There is no question that today’s generation is facing a difficult economic reality. Jobs are harder to come by, funding for public programming such as Pell grants and Medicare have been cut and the housing market is a faint whisp of what it used to be. Though on the outside it may seem like the Jewish community is gliding by without an issue, this is far from true. The lecture halls of Yeshiva University may be full, the waiting list may be long at Camp Dora Golding and the neighbors next door may be adding an extension, but so many, so many people are hurting.

An article in today’s NY Times reminded me of the hard times we are facing. As a college student myself, I understand that taking out loans is supposedly “just part of the process.” True, it has been a part of the process for a generation or so, but times have changed. There is no knowing what one’s salary will be once graduating school. There is no knowing if one will have a job. Yes, one must have bitachon that Hashem, the True Provider, will help those with debt come through it. However, I find it quite similar to “depending on a miracle”, an act G-d explicitly tells us not to do.

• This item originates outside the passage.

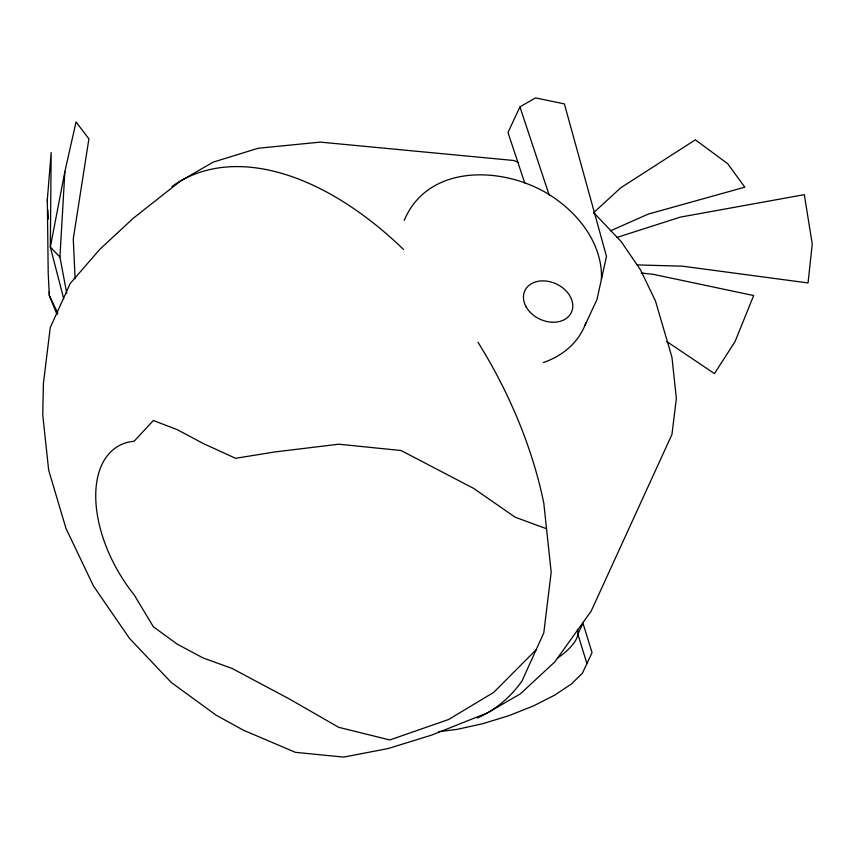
<?xml version="1.0" encoding="UTF-8"?>
<svg xmlns="http://www.w3.org/2000/svg" width="855" height="855" viewBox="0 0 855 855"><rect width="100%" height="100%" fill="white"/><g stroke="black" fill="none" stroke-linecap="round" stroke-linejoin="round"><path stroke-width="1.28" d="M49.334 291.534L49.334 295.52L57.05 314.619M66.765 293.404L59.925 257.066L64.884 171.545L76.042 121.923L88.899 138.863L73.274 238.919L75.112 278.709M57.873 313.358L49.334 295.52L48.201 273.215L47.324 199.61L51.172 152.575L50.338 247.084L63.708 298.801M64.884 171.545L50.338 247.084L59.925 257.066M404.244 220.355C429.135 160.879 510.221 166.501 554.991 198.467A104.15 78.842 25 0 1 601.407 279.371M584.98 325.306L596.929 299.678L606.484 256.372L564.375 103.904L535.497 97.898L519.936 106.875L507.977 132.504L524.735 183.013M536.128 649.789L493.698 692.39L448.544 719.515L389.827 739.96L338.719 727.327L288.969 698.77L232.058 668.439L203.02 657.912L177.263 644.178L153.334 626.726L134.117 594.781A108.553 62.672 60 0 1 134.117 441.255L153.334 420.5L177.466 429.776L203.415 443.606L235.606 458.301L274.647 451.974L338.719 444.205L401.048 450.521L473.659 488.408L515.084 517.168L546.537 528.753M593.413 212.884L620.762 187.79L695.339 139.814L727.744 163.743L744.801 187.181L648.24 214.103L610.427 230.85M616.989 237.423L680.345 217.117L804.309 194.662L812.25 244.049L808.05 282.941L682.418 266.172L637.071 264.9M438.679 731.688L457.072 729.368L482.776 723.693L508.768 715.721L533.285 705.995L554.649 695.168L571.407 683.979L582.415 673.206L592.045 652.643L582.982 623.231L577.862 634.154L586.925 663.566M641.293 273.044L653.167 274.305L753.661 295.552L735.022 341.637L714.459 373.624L666.825 341.551M518.558 162.525L513.78 160.494L320.358 142.122L258.189 148.236L213.216 162.119L180.544 180.982L133.359 218.185L99.821 249.297L70.228 283.465L50.231 327.668L43.402 383.553L42.75 414.889L48.66 470.122L65.974 528.401L93.387 585.857L129.436 638.311L171.257 682.461L216.123 715.186L243.59 730.288L295.402 752.325L343.678 757.103L388.074 748.563L431.775 735.065L487.596 712.803L520.268 693.939L554.767 661.941L591.158 611.154L671.955 434.458L676.358 398.409L671.955 357.262L655.507 301.099L640.555 269.945L621.061 241.42L593.926 212.863M519.936 106.875L549.252 195.282M47.324 199.61L47.453 202.197M47.848 209.967L48.308 219.03M171.919 186.55A307.052 177.274 60 0 1 403.56 249.5M477.977 342.257A307.052 177.274 60 0 1 543.791 503.082L551.186 572.241L543.791 632.86L522.095 680.804A307.052 177.274 60 0 1 477.272 718.018M585.899 322.912A104.15 78.842 25 0 1 543.395 362.552M577.392 629.408A104.15 31.304 -17.1 0 1 557.695 658.04M526.253 307.063A25.671 19.43 25 0 0 568.949 316.072A25.671 19.43 25 0 0 549.124 281.53A25.671 19.43 25 0 0 526.253 307.063"/></g></svg>

My greatest issue lies within private Yeshiva schools- be it elementary, high school or college. They are horrendously unaffordable. Some students score high enough on achievement tests to receive generous scholarships while others have parents or grandparents who are able to pay hefty tuition. Yet most are being carried along through the tedious and tiresome hard work of their parents, who have six-figure salaries but still can’t cover all the expenses. Read this article, look around your community, at your peers and cohorts and tell me, is this worth it? Though our homes are humongous and our schools are laden with intriguing extracurricular activities, are they really worth the debt shackled ’round our wrists? Are we, the next generation, really going to be able to sustain them?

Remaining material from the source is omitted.